Finding a gas plume’s temperature from its infrared spectrum

Remote sensing of stack plumes can provide vital information about the dispersion of effluents in the atmosphere. We would like our remote measurements to reveal the identities, concentrations, and mass flow rates of various molecular species in the plume. By observing infrared signatures from rotational-vibrational transitions, we can identify CO₂, H₂O, and various trace components. Unfortunately, because infrared emission from molecules is a function of both temperature and concentration, it is difficult to get quantitative information from measured intensities of spectral features. A reliable spectroscopic plume ‘thermometer’ would be a first step toward solving this problem.

The realities of remote sensing under field conditions impose practical constraints on our measurements. Commonly used spectroradiometers have insufficient resolution to infer temperature from Doppler broadening of individual spectral lines. Dense plumes are optically thick (that is, their emission is saturated at the blackbody limit) and one can find their temperature from the Planck blackbody equation. However, plumes of practical concern are often optically thin, with insufficient density to absorb much of their own radiation, even at wavelengths near molecular resonances. The blackbody equation does not apply under such circumstances.

We have developed and tested a new approach to the plume-temperature problem, based on the observation that emission from any radiating system shifts toward shorter wavelengths as temperature increases.¹ In a gas, transitions between well-defined quantum states cause emission, and high-energy transitions radiate at short wavelengths. In cool plumes, most molecular collisions have too little energy to populate these high-energy states, but hot plumes emit much more at short wavelengths. The ratio between the emitted intensity at two wavelengths corresponding to two different transitions can be related to temperature in accordance with basic molecular physics. Taking this ratio removes the dependence on gas concentration, since concentration changes affect both wavelengths equally in optically thin plumes.

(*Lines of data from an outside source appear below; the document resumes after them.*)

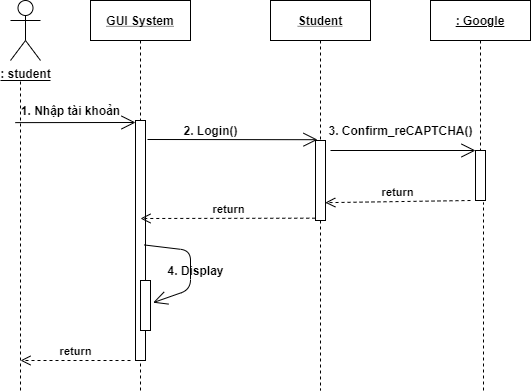

The diagram above was exported from draw.io. Its source (the exported page's mxGraphModel, read from the mxfile embedded in the PNG):
<mxGraphModel dx="1019" dy="503" grid="1" gridSize="9" guides="1" tooltips="1" connect="1" arrows="1" fold="1" page="1" pageScale="1" pageWidth="850" pageHeight="1100" math="0" shadow="0">
  <root>
    <mxCell id="0" />
    <mxCell id="1" parent="0" />
    <mxCell id="3nuBFxr9cyL0pnOWT2aG-1" value="GUI System" style="shape=umlLifeline;perimeter=lifelinePerimeter;container=1;collapsible=0;recursiveResize=0;rounded=0;shadow=0;strokeWidth=1;fontStyle=5" parent="1" vertex="1">
      <mxGeometry x="120" y="80" width="100" height="360" as="geometry" />
    </mxCell>
    <mxCell id="3nuBFxr9cyL0pnOWT2aG-2" value="" style="points=[];perimeter=orthogonalPerimeter;rounded=0;shadow=0;strokeWidth=1;fontStyle=1" parent="3nuBFxr9cyL0pnOWT2aG-1" vertex="1">
      <mxGeometry x="45" y="120" width="10" height="240" as="geometry" />
    </mxCell>
    <mxCell id="3nuBFxr9cyL0pnOWT2aG-5" value="Student" style="shape=umlLifeline;perimeter=lifelinePerimeter;container=1;collapsible=0;recursiveResize=0;rounded=0;shadow=0;strokeWidth=1;fontStyle=5" parent="1" vertex="1">
      <mxGeometry x="300" y="80" width="100" height="390" as="geometry" />
    </mxCell>
    <mxCell id="3nuBFxr9cyL0pnOWT2aG-6" value="" style="points=[];perimeter=orthogonalPerimeter;rounded=0;shadow=0;strokeWidth=1;fontStyle=1" parent="3nuBFxr9cyL0pnOWT2aG-5" vertex="1">
      <mxGeometry x="45" y="140" width="10" height="80" as="geometry" />
    </mxCell>
    <mxCell id="daq__usD_QIiXytE5M9D-16" value="" style="endArrow=open;endFill=1;endSize=12;html=1;fontStyle=1" parent="3nuBFxr9cyL0pnOWT2aG-5" target="daq__usD_QIiXytE5M9D-15" edge="1">
      <mxGeometry width="160" relative="1" as="geometry">
        <mxPoint x="60" y="150" as="sourcePoint" />
        <mxPoint x="220" y="150" as="targetPoint" />
      </mxGeometry>
    </mxCell>
    <mxCell id="daq__usD_QIiXytE5M9D-2" value="&lt;span&gt;: student&lt;/span&gt;" style="shape=umlActor;verticalLabelPosition=bottom;verticalAlign=top;html=1;fontStyle=1" parent="1" vertex="1">
      <mxGeometry x="40" y="80" width="30" height="60" as="geometry" />
    </mxCell>
    <mxCell id="daq__usD_QIiXytE5M9D-6" value="" style="endArrow=none;dashed=1;html=1;fontStyle=1" parent="1" edge="1">
      <mxGeometry width="50" height="50" relative="1" as="geometry">
        <mxPoint x="50" y="470" as="sourcePoint" />
        <mxPoint x="50" y="160" as="targetPoint" />
      </mxGeometry>
    </mxCell>
    <mxCell id="daq__usD_QIiXytE5M9D-7" value="" style="endArrow=none;html=1;fontStyle=1" parent="1" edge="1">
      <mxGeometry width="50" height="50" relative="1" as="geometry">
        <mxPoint x="30" y="160" as="sourcePoint" />
        <mxPoint x="80" y="160" as="targetPoint" />
      </mxGeometry>
    </mxCell>
    <mxCell id="daq__usD_QIiXytE5M9D-8" value="&lt;u&gt;: &lt;span&gt;Google&lt;/span&gt;&lt;/u&gt;" style="shape=umlLifeline;perimeter=lifelinePerimeter;whiteSpace=wrap;html=1;container=1;collapsible=0;recursiveResize=0;outlineConnect=0;fontStyle=1" parent="1" vertex="1">
      <mxGeometry x="460" y="80" width="100" height="160" as="geometry" />
    </mxCell>
    <mxCell id="daq__usD_QIiXytE5M9D-11" value="" style="endArrow=open;endFill=1;endSize=12;html=1;exitX=-0.002;exitY=1.106;exitDx=0;exitDy=0;exitPerimeter=0;fontStyle=1" parent="1" source="daq__usD_QIiXytE5M9D-12" edge="1">
      <mxGeometry width="160" relative="1" as="geometry">
        <mxPoint x="50" y="210" as="sourcePoint" />
        <mxPoint x="165" y="202" as="targetPoint" />
      </mxGeometry>
    </mxCell>
    <mxCell id="daq__usD_QIiXytE5M9D-12" value="1. Nhập tài khoản" style="text;html=1;align=center;verticalAlign=middle;resizable=0;points=[];autosize=1;fontStyle=1" parent="1" vertex="1">
      <mxGeometry x="45" y="180" width="110" height="20" as="geometry" />
    </mxCell>
    <mxCell id="daq__usD_QIiXytE5M9D-13" value="" style="endArrow=open;endFill=1;endSize=12;html=1;entryX=0.201;entryY=-0.01;entryDx=0;entryDy=0;entryPerimeter=0;fontStyle=1" parent="1" target="3nuBFxr9cyL0pnOWT2aG-6" edge="1">
      <mxGeometry width="160" relative="1" as="geometry">
        <mxPoint x="177" y="219" as="sourcePoint" />
        <mxPoint x="340" y="200" as="targetPoint" />
      </mxGeometry>
    </mxCell>
    <mxCell id="daq__usD_QIiXytE5M9D-14" value="2. Login()" style="text;html=1;align=center;verticalAlign=middle;resizable=0;points=[];autosize=1;fontStyle=1" parent="1" vertex="1">
      <mxGeometry x="205" y="200" width="70" height="20" as="geometry" />
    </mxCell>
    <mxCell id="daq__usD_QIiXytE5M9D-15" value="" style="points=[];perimeter=orthogonalPerimeter;rounded=0;shadow=0;strokeWidth=1;fontStyle=1" parent="1" vertex="1">
      <mxGeometry x="505" y="230" width="10" height="50" as="geometry" />
    </mxCell>
    <mxCell id="daq__usD_QIiXytE5M9D-17" value="3. Confirm_reCAPTCHA()" style="text;html=1;align=center;verticalAlign=middle;resizable=0;points=[];autosize=1;fontStyle=1" parent="1" vertex="1">
      <mxGeometry x="350" y="200" width="160" height="20" as="geometry" />
    </mxCell>
    <mxCell id="daq__usD_QIiXytE5M9D-18" value="return" style="html=1;verticalAlign=bottom;endArrow=open;dashed=1;endSize=8;entryX=0.978;entryY=0.777;entryDx=0;entryDy=0;entryPerimeter=0;fontStyle=1" parent="1" target="3nuBFxr9cyL0pnOWT2aG-6" edge="1">
      <mxGeometry relative="1" as="geometry">
        <mxPoint x="500" y="280" as="sourcePoint" />
        <mxPoint x="400" y="280" as="targetPoint" />
      </mxGeometry>
    </mxCell>
    <mxCell id="daq__usD_QIiXytE5M9D-19" value="return" style="html=1;verticalAlign=bottom;endArrow=open;dashed=1;endSize=8;exitX=-0.022;exitY=0.971;exitDx=0;exitDy=0;exitPerimeter=0;fontStyle=1" parent="1" source="3nuBFxr9cyL0pnOWT2aG-6" edge="1">
      <mxGeometry relative="1" as="geometry">
        <mxPoint x="270" y="320" as="sourcePoint" />
        <mxPoint x="170" y="298" as="targetPoint" />
      </mxGeometry>
    </mxCell>
    <mxCell id="daq__usD_QIiXytE5M9D-20" value="" style="endArrow=none;dashed=1;html=1;fontStyle=1" parent="1" edge="1">
      <mxGeometry width="50" height="50" relative="1" as="geometry">
        <mxPoint x="513" y="470" as="sourcePoint" />
        <mxPoint x="513" y="282" as="targetPoint" />
      </mxGeometry>
    </mxCell>
    <mxCell id="daq__usD_QIiXytE5M9D-21" value="" style="points=[];perimeter=orthogonalPerimeter;rounded=0;shadow=0;strokeWidth=1;fontStyle=1" parent="1" vertex="1">
      <mxGeometry x="170" y="360" width="10" height="50" as="geometry" />
    </mxCell>
    <mxCell id="daq__usD_QIiXytE5M9D-29" value="" style="endArrow=open;endFill=1;endSize=12;html=1;entryX=1.256;entryY=0.443;entryDx=0;entryDy=0;entryPerimeter=0;exitX=0.537;exitY=0.679;exitDx=0;exitDy=0;exitPerimeter=0;fontStyle=1" parent="1" source="3nuBFxr9cyL0pnOWT2aG-1" target="daq__usD_QIiXytE5M9D-21" edge="1">
      <mxGeometry width="160" relative="1" as="geometry">
        <mxPoint x="250" y="350" as="sourcePoint" />
        <mxPoint x="390" y="400" as="targetPoint" />
        <Array as="points">
          <mxPoint x="220" y="330" />
          <mxPoint x="220" y="369" />
        </Array>
      </mxGeometry>
    </mxCell>
    <mxCell id="daq__usD_QIiXytE5M9D-30" value="4. Display" style="text;html=1;align=center;verticalAlign=middle;resizable=0;points=[];autosize=1;fontStyle=1" parent="1" vertex="1">
      <mxGeometry x="190" y="340" width="70" height="20" as="geometry" />
    </mxCell>
    <mxCell id="daq__usD_QIiXytE5M9D-32" value="return" style="html=1;verticalAlign=bottom;endArrow=open;dashed=1;endSize=8;fontStyle=1" parent="1" edge="1">
      <mxGeometry relative="1" as="geometry">
        <mxPoint x="160" y="440" as="sourcePoint" />
        <mxPoint x="50" y="440" as="targetPoint" />
      </mxGeometry>
    </mxCell>
    <mxCell id="daq__usD_QIiXytE5M9D-33" value="" style="endArrow=none;dashed=1;html=1;fontStyle=1" parent="1" target="3nuBFxr9cyL0pnOWT2aG-2" edge="1">
      <mxGeometry width="50" height="50" relative="1" as="geometry">
        <mxPoint x="170" y="470" as="sourcePoint" />
        <mxPoint x="170" y="450" as="targetPoint" />
      </mxGeometry>
    </mxCell>
  </root>
</mxGraphModel>

The emitted intensity from a molecular transition depends on the population of the upper level, as given by the Boltzmann distribution function. Adapting standard theory,² we derived an equation for temperature T in terms of the measured intensity ratio R:

where k is Boltzmann’s constant, λ₁ and λ₂ are the two wavelengths being measured, and E₁ and E₂ are the corresponding transition energies. The proportionality factor F appears because of the intrinsic intensities of the two transitions, which depend on quantum-mechanical factors that are difficult to calculate from first principles. We found, however, that one can use library gas spectra to calibrate this factor, after making appropriate corrections for the fact that they are absorption, rather than emission, spectra.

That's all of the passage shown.